Among the B. platyphylla cp genes, several were special. The rps12 gene was a trans-spliced gene that consisted of 3 exons that code for the homologous ribosomal protein S12. C-terminal exons 2 and 3 of rps12 were located in each IR region, but exon 1 was located in the LSC, approximately 28 kbp downstream of the nearest copy of exon 2, which was located in one of the IR regions and 61 kbp away from the other copy of exon 3, which was located in the other IR region. Prediction of the B. platyphylla cp gene function was based on homology, as these genes code for a variety of proteins, mostly involved in photosynthesis and other metabolic processes. Regarding photosynthesis, a subset of the genes synthesizes the large Rubisco subunit and thylakoid proteins. In addition, other genes encode subunits of a protein complex that mediates redox reactions to recycle electrons. Table 2 shows the gene functions and groups in the B. platyphylla cp genome.

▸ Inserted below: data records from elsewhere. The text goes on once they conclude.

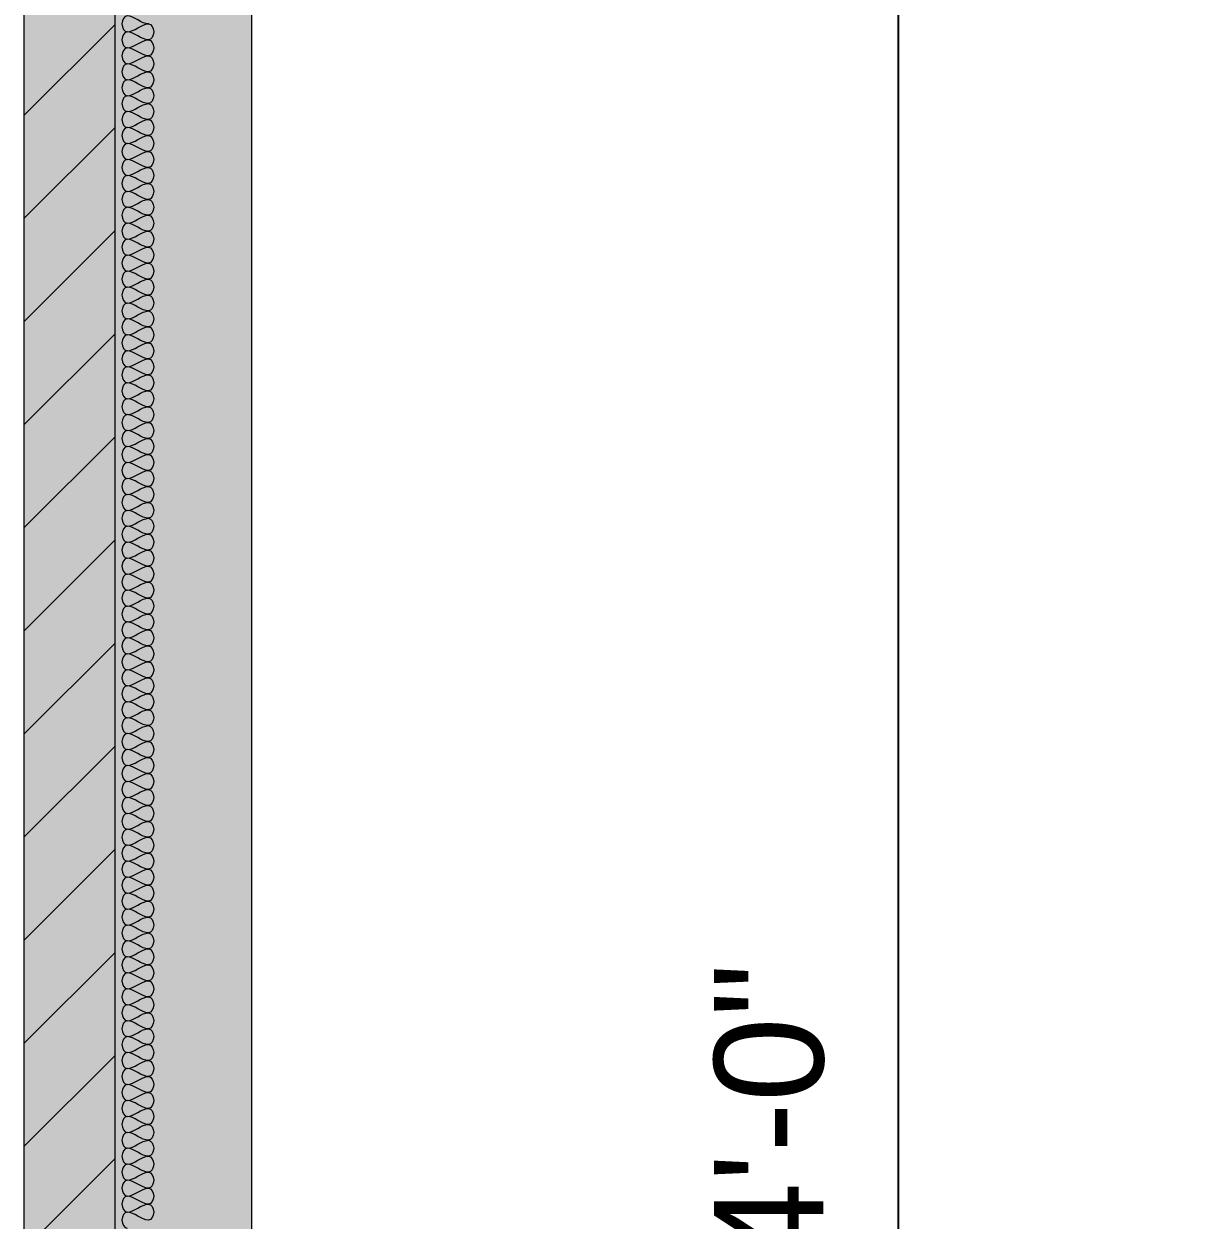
# Model space of a CAD drawing. Header units: inches. Extents: x 1913 to 24953, y -2945 to 1064.
# Drawn here: x 24172.2 to 24300, y -540.8 to -409.6 of the extents above; entities that cross this region are included whole.
import ezdxf

# ---------------------------------------------------------------- set-up
doc = ezdxf.new("R2010")
doc.units = ezdxf.units.IN
doc.header["$MEASUREMENT"] = 0
for name, color, linetype, lineweight in [('A-ANNO-DIMS', 211, 'Continuous', 9), ('A-DETL', 90, 'Continuous', 9), ('A-WALL', 113, 'Continuous', 13), ('A-WALL-PATT', 111, 'Continuous', 50)]:
    doc.layers.add(name, color=color, linetype=linetype, lineweight=lineweight)
doc.styles.add('Arial', font='arial.ttf', dxfattribs={"height": 12})
doc.dimstyles.new('Linear_-_3_32__Arial', dxfattribs={"dimscale": 12, "dimtxt": 12.243113, "dimasz": 1.333333, "dimexe": 1, "dimexo": 0.666667, "dimgap": 0.666667, "dimtad": 1, "dimdec": 5, "dimrnd": 0.03125, "dimzin": 1, "dimdsep": 46, "dimlunit": 4, "dimtxsty": 'Arial', "dimblk1": 'OBLIQUE', "dimblk2": 'OBLIQUE', "dimsah": 1, "dimcen": 0.09, "dimdle": 1, "dimazin": 0, "dimtfac": 1, "dimtdec": 4, "dimtix": 1, "dimtmove": 0, "dimatfit": 3, "dimfxl": 1, "dimtvp": 1, "dimtfill": 1, "dimfrac": 2, "dimtolj": 1, "dimtzin": 0, "dimarcsym": 2})

# ---------------------------------------------------------------- blocks, each defined once
blk = doc.blocks.new('_Oblique')
at = {"color": 0, "linetype": 'ByBlock', "lineweight": -2}
blk.add_line((-0.5, -0.5), (0.5, 0.5), dxfattribs=at)
blk = doc.blocks.new('*D806')
at = {"layer": 'A-ANNO-DIMS', "color": 0, "lineweight": -2, "transparency": 16777216}
for p, q in [((24420.62, 786.04), (24420.62, -1541.96)), ((24190, 774.04), (24432.62, 774.04)), ((24192.72, -1529.96), (24432.62, -1529.96))]:
    blk.add_line(p, q, dxfattribs=at)
at = {"layer": 'Defpoints', "color": 0, "lineweight": 0, "transparency": 16777216}
for p in [(24182, 774.04), (24184.72, -1529.96), (24420.62, -1529.96)]:
    blk.add_point(p, dxfattribs=at)
at = {"layer": 'A-ANNO-DIMS', "color": 0, "lineweight": -2, "transparency": 16777216, "xscale": 16, "yscale": 16, "zscale": 16}
for p, rotation in [((24420.62, 774.04), 90), ((24420.62, -1529.96), 270)]:
    blk.add_blockref('_Oblique', p, dxfattribs=dict(at, rotation=rotation))
at = {"layer": 'A-ANNO-DIMS', "color": 0, "lineweight": 0, "transparency": 16777216, "insert": (24406.5, -377.96), "char_height": 12, "width": 73.4587, "attachment_point": 5, "rotation": 90, "style": 'Arial'}
blk.add_mtext('\\A1;192\'-0"', dxfattribs=at)
blk = doc.blocks.new('*D759')
at = {"layer": 'A-ANNO-DIMS', "color": 0, "lineweight": -2, "transparency": 16777216}
for p, q in [((24268.17, -377.96), (24268.17, -689.96)), ((24204.72, -389.96), (24280.17, -389.96)), ((24204.72, -677.96), (24280.17, -677.96))]:
    blk.add_line(p, q, dxfattribs=at)
at = {"layer": 'Defpoints', "color": 0, "lineweight": 0, "transparency": 16777216}
for p in [(24196.72, -389.96), (24196.72, -677.96), (24268.17, -677.96)]:
    blk.add_point(p, dxfattribs=at)
at = {"layer": 'A-ANNO-DIMS', "color": 0, "lineweight": -2, "transparency": 16777216, "xscale": 16, "yscale": 16, "zscale": 16}
for p, rotation in [((24268.17, -389.96), 90), ((24268.17, -677.96), 270)]:
    blk.add_blockref('_Oblique', p, dxfattribs=dict(at, rotation=rotation))
at = {"layer": 'A-ANNO-DIMS', "color": 0, "lineweight": 0, "transparency": 16777216, "insert": (24254.04, -533.96), "char_height": 12, "width": 62.3834, "attachment_point": 5, "rotation": 90, "style": 'Arial'}
blk.add_mtext('\\A1;24\'-0"', dxfattribs=at)
blk = doc.blocks.new('*D768')
at = {"layer": 'A-ANNO-DIMS', "color": 0, "lineweight": -2, "transparency": 16777216}
for p, q in [((24388.62, -977.96), (24388.62, -53.96)), ((24184.82, -65.96), (24400.62, -65.96)), ((24205.22, -965.96), (24400.62, -965.96))]:
    blk.add_line(p, q, dxfattribs=at)
at = {"layer": 'Defpoints', "color": 0, "lineweight": 0, "transparency": 16777216}
for p in [(24176.82, -65.96), (24388.62, -65.96), (24197.22, -965.96)]:
    blk.add_point(p, dxfattribs=at)
at = {"layer": 'A-ANNO-DIMS', "color": 0, "lineweight": -2, "transparency": 16777216, "xscale": 16, "yscale": 16, "zscale": 16}
for p, rotation in [((24388.62, -65.96), 90), ((24388.62, -965.96), 270)]:
    blk.add_blockref('_Oblique', p, dxfattribs=dict(at, rotation=rotation))
at = {"layer": 'A-ANNO-DIMS', "color": 0, "lineweight": 0, "transparency": 16777216, "insert": (24374.5, -515.96), "char_height": 12, "width": 51.3081, "attachment_point": 5, "rotation": 90, "style": 'Arial'}
blk.add_mtext('\\A1;75\'-0"', dxfattribs=at)

msp = doc.modelspace()

# ---------------------------------------------------------------- hatches: boundary and pattern name
at = {"layer": 'A-WALL-PATT', "lineweight": 0}
h = msp.add_hatch(dxfattribs=at)
h.set_pattern_fill('FP_1', color=256, style=0, pattern_type=2)
h.set_pattern_definition([(50, (23317.123, 399.692), (36.72335, -3.213), [3.84, -42.24]), (355, (23317.123, 399.69), (-7.1044, 38.51274), [3.072, -33.792]), (100.451, (23320.183, 399.424), (29.62024, 35.29956), [3.263, -35.898]), (46.184, (23317.123, 409.93), (54.6425, -8.4752), [5.76, -63.36]), (96.636, (23321.68, 409.226), (47.854, 49.8752), [4.895, -53.848]), (351.184, (23317.123, 409.93), (47.8553, 49.8749), [4.608, -50.688]), (21, (23322.243, 407.372), (30.56126, -20.614), [3.84, -42.24]), (326, (23322.243, 407.37), (12.4577, 37.1283), [3.072, -33.792]), (71.451, (23324.79, 405.654), (43.02, 16.5135), [3.263, -35.898]), (37.5, (23317.123, 399.692), (0.6228, 17.04428), [1.69, -31.693, 1.69, -32.614, -33.92]), (37.5, (23317.123, 399.692), (0.6228, 17.04428), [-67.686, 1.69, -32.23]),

Table 2 Group of genes within the B. platyphylla chloroplast genome

Full size table

Codon usage and alternative initiation codons statistics

It is generally acknowledged that codon biases reflect a balance between mutational biases and natural selection for translational optimization. We further analyzed the codon usage frequency and RSCU value in the B. platyphylla cp genome. It was not clear whether RNA editing occurred in these areas because there were some regions covered with no reads in our experiment, and the editing rates were not 100%. Here, we used RNA sequences without editing to compute the codon usage and RCSU values. We estimated that this would not have a large impact on the results. There were 84 protein-coding genes in the B. platyphylla cp genome, including 26,298 codons in total. Among the codons, the three amino acids present in the highest proportions were leucine (10.49%), isoleucine (8.97%) and serine (7.49%). Excluding the stop codons, cysteine (1.16%) was the least abundant amino acid (Additional file 1: Table S4, Figure S1). Codon usage was biased towards A and U at the third-codon position, which is similar to the trend that was observed in a majority of angiosperm cp genomes [29].

Unlike ordinary genes that use ATG as their initiation codons, several cp genes use other codons as exceptions. In the B. platyphylla cp genome, three genes were annotated with Non-ATG start codon: GTG was used by rps19 and psbC and ACG was used by ndhD. These three genes are involved in translation, photosynthesis and respiration, respectively. As shown in Fig. 2a, these selected gene sites were relatively conserved across species. GTG was the dominant initiation codon in rps19, but not in psbC, and about half of the species took ACG as the start codon in ndhD. Figure 2b shows that, at the transcriptional level, the initiation codon of rps19 and the psbC transcripts of B. platyphylla did not change significantly. However, editing ACG to AUG at the ndhD start codon was obvious and made its start codon go back to normal.

Comparison of chloroplast genome sequences with those of other species

To investigate the similarities and differences of the cp genome sequences between B. platyphylla and other species of Fagales, a global alignment program was used to align these sequences. The result was plotted using the mVISTA tools with B. platyphylla as a reference (Fig. 3). Overall, these closely related species had little difference in cp genome size, ranging from 160,320 bp to 161,148 bp. The global patterns of sequence similarities among these sequences were very high, especially among the Betulaceae species, with over 99% identity. As shown in Fig. 3, the structures of these cp genomes were conserved, and neither translocations nor inversions were detected in the sequences. As expected, coding regions were revealed to be more conserved than noncoding regions. More concretely, most high polymorphic regions were located in the intergenic regions (such as trnR-TCT—atpA, trnE-TTC—trnT-GGT, psbE—petL, rpl32—trnL-TAG), but the ycf1 gene had higher variability regions. These regions may be undergoing more rapid nucleotide substitution at the species level, which indicates the potential application of molecular markers for phylogenetic analyses and plant identification in Fagales.